I would have to say that it started, for me, around 6th grade. This new notion of “cool” slowly but surely made itself prevalent in this new atmosphere of middle school. Everything began to revolve around who you hung out with, what clothes you wore, which girls were interested in you, what kind of music you liked and how much could you stand out among the sea of other kids trying to quickly find their “image”.
By the time high school rolled around, popularity seemed to have grown immensely more important then it was in middle school. I never really had a strong urge to be the most popular kid in school, but it seemed that being on varsity sports from freshman year onward certainly threw me into that crowd. You get invited to all the “parties with the older kids”, your clothes begin to conform to the group you’re associated with (jocks, skaters, goths..etc), new girls begin to like you. It was almost like middle school all over again, just a different atmosphere (and with booze).
Needless to say, I followed the same pattern of choosing who I associated with, chasing girls, and drinking frequently into my college career. Nowhere else could you go kill 30 racks 5 nights a week, still make it to class, and have time for girls on the side. By every definition of Hollywood’s “College” scene you see depicted in movies such as American Pie, Animal House, and Van Wilder, I was not only doing everything right…..I was doing it exactly right! Right?
God tries to warn people with little unpleasant nudges here and there throughout their life when He knows they’re heading down the wrong path. Looking back I can easily count 10 clear indications of such off the top of my head. The greatest thing is, however, that He will not give up on you. And for people as prideful as I was….sometimes we won’t give in until He shows us how low we have sunk. Blurred vision, alcohol radiating from my sweat, in handcuffs, with no shirt, vehicle on the tow-truck, balling my eyes out in the back of a police car was that point.
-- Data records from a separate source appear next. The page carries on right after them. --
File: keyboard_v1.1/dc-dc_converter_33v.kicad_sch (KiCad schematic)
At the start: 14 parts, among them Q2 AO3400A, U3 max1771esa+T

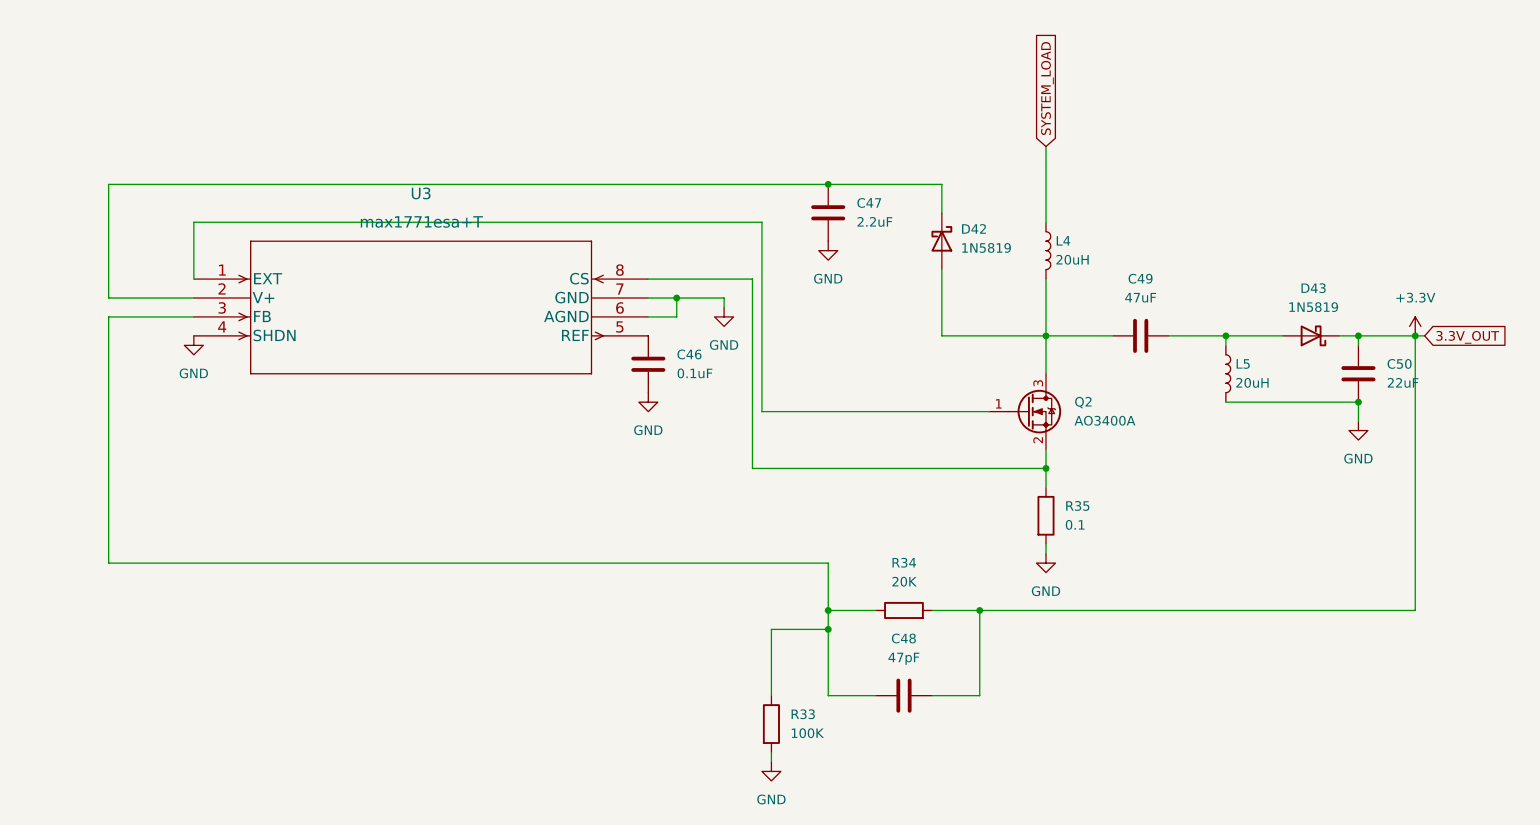
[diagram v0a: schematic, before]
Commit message: New design - schematics added (2022.07.20.)
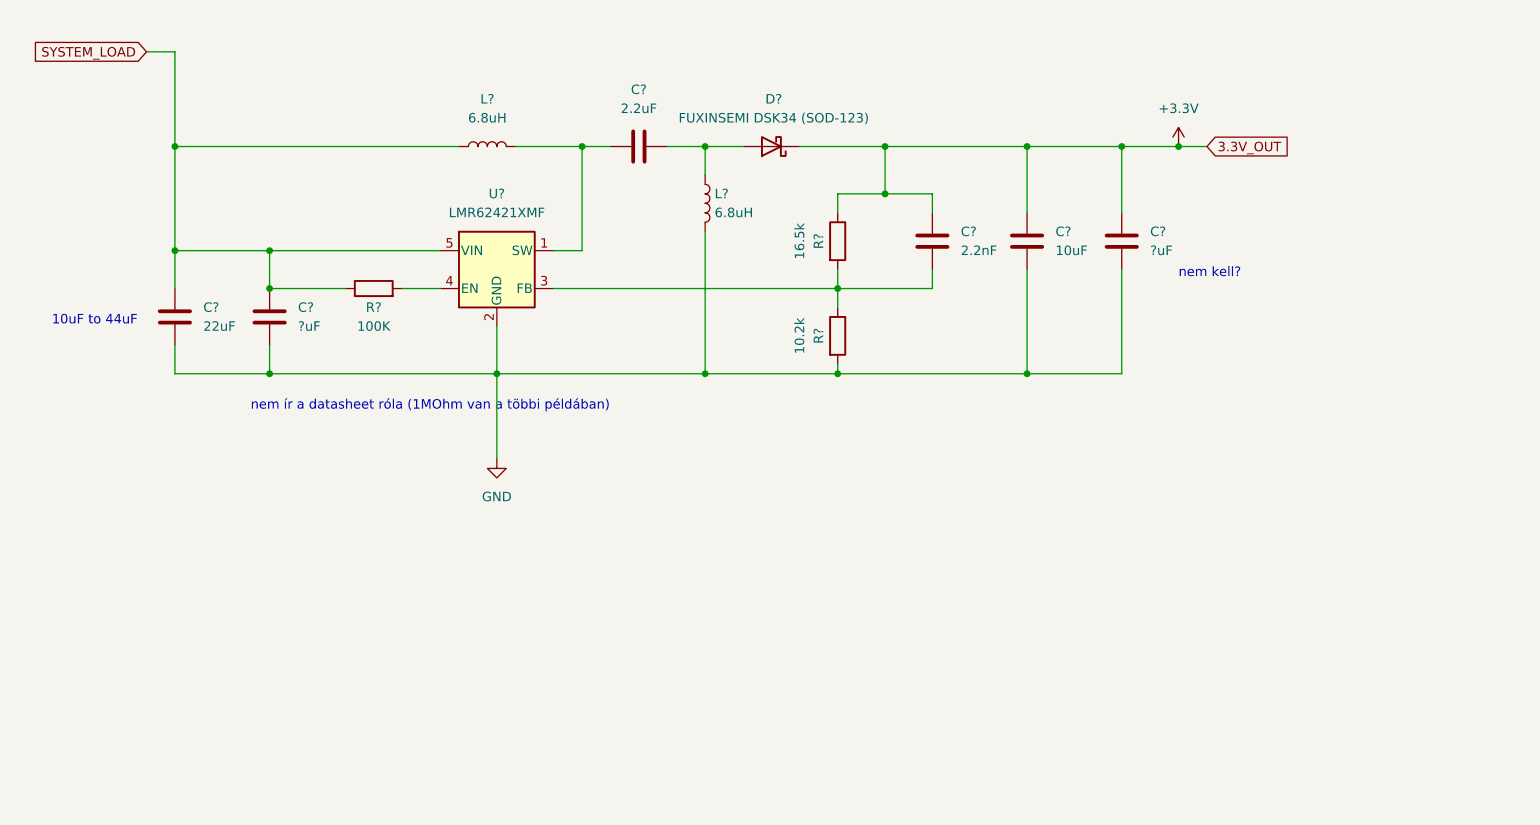
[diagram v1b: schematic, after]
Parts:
- removed C46: 0.1uF, Capacitor_SMD:C_0805_2012Metric_Pad1.18x1.45mm_HandSolder, symbol Device:C
- removed C47: 2.2uF, Capacitor_SMD:C_0805_2012Metric_Pad1.18x1.45mm_HandSolder, symbol Device:C
- removed C48: 47pF, Capacitor_SMD:C_0805_2012Metric_Pad1.18x1.45mm_HandSolder, symbol Device:C
- removed C49: 47uF, Capacitor_THT:CP_Radial_D4.0mm_P1.50mm, symbol Device:C
- removed C50: 22uF, Capacitor_SMD:C_0805_2012Metric_Pad1.18x1.45mm_HandSolder, symbol Device:C
- removed D42, D43: 1N5819, Diode_THT:D_DO-41_SOD81_P10.16mm_Horizontal, symbol Diode:1N5819
- removed L4, L5: 20uH, inductors:inductors, symbol Device:L
- removed Q2: AO3400A, Package_TO_SOT_SMD:SOT-23, symbol Transistor_FET:AO3400A
- removed R33: 100K, Resistor_SMD:R_0805_2012Metric_Pad1.20x1.40mm_HandSolder, symbol Device:R
- removed R34: 20K, Resistor_SMD:R_0805_2012Metric_Pad1.20x1.40mm_HandSolder, symbol Device:R
- removed R35: 0.1, Resistor_SMD:R_0805_2012Metric_Pad1.20x1.40mm_HandSolder, symbol Device:R
- removed U3: max1771esa+T, max1771:max1771esa&plus_T, symbol max1771:max1771esa+T
- added C?: 2.2nF, Capacitor_SMD:C_0805_2012Metric_Pad1.18x1.45mm_HandSolder, symbol Device:C
- added C? (x2): ?uF, Capacitor_SMD:C_0805_2012Metric_Pad1.18x1.45mm_HandSolder, symbol Device:C
- added C?: 22uF, Capacitor_SMD:C_0805_2012Metric_Pad1.18x1.45mm_HandSolder, symbol Device:C
- added C?: 10uF, Capacitor_SMD:C_0805_2012Metric_Pad1.18x1.45mm_HandSolder, symbol Device:C
- added C?: 2.2uF, Capacitor_SMD:C_0805_2012Metric_Pad1.18x1.45mm_HandSolder, symbol Device:C
- added D?: FUXINSEMI DSK34 (SOD-123), Diode_SMD:D_SOD-123, symbol Diode:BAT42W-V
- added L? (x2): 6.8uH, inductors:inductors, symbol Device:L
- added R?: 10.2k, Resistor_SMD:R_0805_2012Metric_Pad1.20x1.40mm_HandSolder, symbol Device:R
- added R?: 16.5k, Resistor_SMD:R_0805_2012Metric_Pad1.20x1.40mm_HandSolder, symbol Device:R
- added R?: 100K, Resistor_SMD:R_0805_2012Metric_Pad1.20x1.40mm_HandSolder, symbol Device:R
- added U?: LMR62421XMF, Package_TO_SOT_SMD:SOT-23-5, symbol Regulator_Switching:LMR62421XMF
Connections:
- net +3V3: now also C?.1, C?.1, C?.1, D?.1 (K), R?.1
- net GND: now also C?.2, C?.2, C?.2, C?.2, L?.2, R?.2, U?.2 (GND)
- net SYSTEM_LOAD: now also C?.1, C?.1, L?.1, R?.1, U?.5 (VIN)
- new net: C?.2, R?.1, R?.2, U?.3 (FB)
- new net: C?.2, D?.2 (A), L?.1
- new net: C?.1, L?.2, U?.1 (SW)
- new net: R?.2, U?.4 (EN)
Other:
- note added: "10uF to 44uF"
- note added: "nem kell?"
- note added: "nem ír a datasheet róla (1MOhm van a többi példában)"

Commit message: PCB layout done - 2022.07.25.
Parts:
- removed C?: ?uF, Capacitor_SMD:C_0805_2012Metric_Pad1.18x1.45mm_HandSolder, symbol Device:C
- L2, L3: renamed from L?; footprint inductors:inductors -> inductors:inductor_koherelec
- R18: renamed from R?; value 16.5k -> 9.1k
- R19: renamed from R?; value 10.2k -> 5.6k
- gave numbers to parts that had none: 8
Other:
- note removed: "nem ír a datasheet róla (1MOhm van a többi példában)"
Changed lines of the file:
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@@
   (junction (at 165.1 50.8) (diameter 0) (color 0 0 0 0)
   )
-  (junction (at 63.5 81.28) (diameter 0) (color 0 0 0 0)
-  )
   (junction (at 121.92 81.28) (diameter 0) (color 0 0 0 0)
   )
   (junction (at 146.05 50.8) (diameter 0) (color 0 0 0 0)
   )
-  (junction (at 63.5 69.85) (diameter 0) (color 0 0 0 0)
-  )
   (junction (at 139.7 69.85) (diameter 0) (color 0 0 0 0)
   )
@@
     (stroke (width 0) (type default) (color 0 0 0 0))
   )
-  (wire (pts (xy 50.8 81.28) (xy 63.5 81.28))
-    (stroke (width 0) (type default) (color 0 0 0 0))
-  )
   (wire (pts (xy 63.5 69.85) (xy 73.66 69.85))
     (stroke (width 0) (type default) (color 0 0 0 0))
@@
     (stroke (width 0) (type default) (color 0 0 0 0))
   )
-  (wire (pts (xy 63.5 77.47) (xy 63.5 81.28))
-    (stroke (width 0) (type default) (color 0 0 0 0))
-  )
   (wire (pts (xy 93.98 81.28) (xy 93.98 92.71))
     (stroke (width 0) (type default) (color 0 0 0 0))
@@
     (stroke (width 0) (type default) (color 0 0 0 0))
   )
-  (wire (pts (xy 63.5 81.28) (xy 93.98 81.28))
+  (wire (pts (xy 50.8 81.28) (xy 93.98 81.28))
     (stroke (width 0) (type default) (color 0 0 0 0))
   )
@@
   )
   (text "10uF to 44uF" (at 34.29 74.93 0)
-    (effects (font (size 1.27 1.27)) (justify left bottom))
-  )
-  (text "nem ír a datasheet róla (1MOhm van a többi példában)"
-    (at 60.96 86.36 0)
     (effects (font (size 1.27 1.27)) (justify left bottom))
   )
@@
   (symbol (lib_id "Device:C") (at 152.4 63.5 0) (unit 1)
     (in_bom yes) (on_board yes) (fields_autoplaced)
-    (property "Reference" "C?" (id 0) (at 156.21 62.2299 0)
+    (property "Reference" "C22" (id 0) (at 156.21 62.2299 0)
       (effects (font (size 1.27 1.27)) (justify left))
     )
@@
   (symbol (lib_id "Device:R") (at 139.7 76.2 0) (unit 1)
     (in_bom yes) (on_board yes)
-    (property "Reference" "R?" (id 0) (at 137.16 76.2 90))
-    (property "Value" "10.2k" (id 1) (at 134.62 76.2 90))
+    (property "Reference" "R19" (id 0) (at 137.16 76.2 90))
+    (property "Value" "5.6k" (id 1) (at 134.62 76.2 90))
     (property "Footprint" "Resistor_SMD:R_0805_2012Metric_Pad1.20x1.40mm_HandSolder" (id 2) (at 137.922 76.2 90)
       (effects (font (size 1.27 1.27)) hide)
@@
   (symbol (lib_id "Device:C") (at 177.8 63.5 0) (unit 1)
     (in_bom yes) (on_board yes) (fields_autoplaced)
-    (property "Reference" "C?" (id 0) (at 181.61 62.2299 0)
+    (property "Reference" "C24" (id 0) (at 181.61 62.2299 0)
       (effects (font (size 1.27 1.27)) (justify left))
     )
@@
   (symbol (lib_id "Device:C") (at 50.8 73.66 0) (unit 1)
     (in_bom yes) (on_board yes) (fields_autoplaced)
-    (property "Reference" "C?" (id 0) (at 54.61 72.3899 0)
+    (property "Reference" "C17" (id 0) (at 54.61 72.3899 0)
       (effects (font (size 1.27 1.27)) (justify left))
     )
@@
   (symbol (lib_id "power:GND") (at 93.98 92.71 0) (unit 1)
     (in_bom yes) (on_board yes) (fields_autoplaced)
-    (property "Reference" "#PWR?" (id 0) (at 93.98 99.06 0)
+    (property "Reference" "#PWR0144" (id 0) (at 93.98 99.06 0)
       (effects (font (size 1.27 1.27)) hide)
     )
@@
   (symbol (lib_id "Diode:BAT42W-V") (at 130.81 50.8 180) (unit 1)
     (in_bom yes) (on_board yes) (fields_autoplaced)
-    (property "Reference" "D?" (id 0) (at 131.1275 44.45 0))
+    (property "Reference" "D14" (id 0) (at 131.1275 44.45 0))
     (property "Value" "FUXINSEMI DSK34 (SOD-123)" (id 1) (at 131.1275 46.99 0))
     (property "Footprint" "Diode_SMD:D_SOD-123" (id 2) (at 130.81 46.355 0)
@@
     (pin "2")
   )
-  (symbol (lib_id "Device:C") (at 63.5 73.66 0) (unit 1)
-    (in_bom yes) (on_board yes) (fields_autoplaced)
-    (property "Reference" "C?" (id 0) (at 67.31 72.3899 0)
-      (effects (font (size 1.27 1.27)) (justify left))
-    )
-    (property "Value" "?uF" (id 1) (at 67.31 74.9299 0)
-      (effects (font (size 1.27 1.27)) (justify left))
-    )
-    (property "Footprint" "Capacitor_SMD:C_0805_2012Metric_Pad1.18x1.45mm_HandSolder" (id 2) (at 64.4652 77.47 0)
-      (effects (font (size 1.27 1.27)) hide)
-    )
-    (property "Datasheet" "~" (id 3) (at 63.5 73.66 0)
-      (effects (font (size 1.27 1.27)) hide)
-    )
-    (pin "1")
-    (pin "2")
-  )
   (symbol (lib_id "power:+3.3V") (at 185.42 50.8 0) (unit 1)
     (in_bom yes) (on_board yes) (fields_autoplaced)
-    (property "Reference" "#PWR?" (id 0) (at 185.42 54.61 0)
+    (property "Reference" "#PWR0145" (id 0) (at 185.42 54.61 0)
       (effects (font (size 1.27 1.27)) hide)
     )
@@
   (symbol (lib_id "Device:C") (at 165.1 63.5 0) (unit 1)
     (in_bom yes) (on_board yes) (fields_autoplaced)
-    (property "Reference" "C?" (id 0) (at 168.91 62.2299 0)
+    (property "Reference" "C23" (id 0) (at 168.91 62.2299 0)
       (effects (font (size 1.27 1.27)) (justify left))
     )
@@
   (symbol (lib_id "Device:C") (at 113.03 50.8 90) (unit 1)
     (in_bom yes) (on_board yes) (fields_autoplaced)
-    (property "Reference" "C?" (id 0) (at 113.03 43.18 90))
+    (property "Reference" "C18" (id 0) (at 113.03 43.18 90))
     (property "Value" "2.2uF" (id 1) (at 113.03 45.72 90))
     (property "Footprint" "Capacitor_SMD:C_0805_2012Metric_Pad1.18x1.45mm_HandSolder" (id 2) (at 116.84 49.8348 0)
@@
   (symbol (lib_id "Regulator_Switching:LMR62421XMF") (at 93.98 67.31 0) (unit 1)
     (in_bom yes) (on_board yes) (fields_autoplaced)
-    (property "Reference" "U?" (id 0) (at 93.98 57.15 0))
+    (property "Reference" "U1" (id 0) (at 93.98 57.15 0))
     (property "Value" "LMR62421XMF" (id 1) (at 93.98 59.69 0))
     (property "Footprint" "Package_TO_SOT_SMD:SOT-23-5" (id 2) (at 95.25 73.66 0)
@@
   (symbol (lib_id "Device:R") (at 139.7 63.5 0) (unit 1)
     (in_bom yes) (on_board yes)
-    (property "Reference" "R?" (id 0) (at 137.16 63.5 90))
-    (property "Value" "16.5k" (id 1) (at 134.62 63.5 90))
+    (property "Reference" "R18" (id 0) (at 137.16 63.5 90))
+    (property "Value" "9.1k" (id 1) (at 134.62 63.5 90))
     (property "Footprint" "Resistor_SMD:R_0805_2012Metric_Pad1.20x1.40mm_HandSolder" (id 2) (at 137.922 63.5 90)
       (effects (font (size 1.27 1.27)) hide)
@@
   (symbol (lib_id "Device:L") (at 92.71 50.8 90) (unit 1)
     (in_bom yes) (on_board yes) (fields_autoplaced)
-    (property "Reference" "L?" (id 0) (at 92.71 44.45 90))
+    (property "Reference" "L2" (id 0) (at 92.71 44.45 90))
     (property "Value" "6.8uH" (id 1) (at 92.71 46.99 90))
-    (property "Footprint" "inductors:inductors" (id 2) (at 92.71 50.8 0)
+    (property "Footprint" "inductors:inductor_koherelec" (id 2) (at 92.71 50.8 0)
       (effects (font (size 1.27 1.27)) hide)
     )
@@
   (symbol (lib_id "Device:R") (at 77.47 69.85 90) (unit 1)
     (in_bom yes) (on_board yes)
-    (property "Reference" "R?" (id 0) (at 77.47 72.39 90))
+    (property "Reference" "R17" (id 0) (at 77.47 72.39 90))
     (property "Value" "100K" (id 1) (at 77.47 74.93 90))
     (property "Footprint" "Resistor_SMD:R_0805_2012Metric_Pad1.20x1.40mm_HandSolder" (id 2) (at 77.47 71.628 90)
@@
   (symbol (lib_id "Device:L") (at 121.92 58.42 0) (unit 1)
     (in_bom yes) (on_board yes) (fields_autoplaced)
-    (property "Reference" "L?" (id 0) (at 123.19 57.1499 0)
+    (property "Reference" "L3" (id 0) (at 123.19 57.1499 0)
       (effects (font (size 1.27 1.27)) (justify left))
     )
@@
       (effects (font (size 1.27 1.27)) (justify left))
     )
-    (property "Footprint" "inductors:inductors" (id 2) (at 121.92 58.42 0)
-      (effects (font (size 1.27 1.27)) hide)
-    )
+    (property "Footprint" "inductors:inductor_koherelec" (id 2) (at 121.92 58.42 0)
+      (effects (font (size 1.27 1.27)) hide)
+    )

I can look back now and understand that this was all His plan from the start….it would take a massive blow to my sinfully, comfortable, irresponsible life to wake me up. Some people can accept His love easily, others need to be shown how to the hard way. I will forever be haunted by the ghost of a person I had let myself become prior to accepting Christ into my life. However, even though it may take ME half a lifetime to forgive myself for my actions, I know that in the eyes of Christ…I’m forgiven.
I pray that it wouldn’t take a life altering experience for whoever is reading this to come to know Christ…but then again…..It has been more beautifully life altering then I could have ever hoped for.
When the power of love overcomes the love of power, the world will know peace.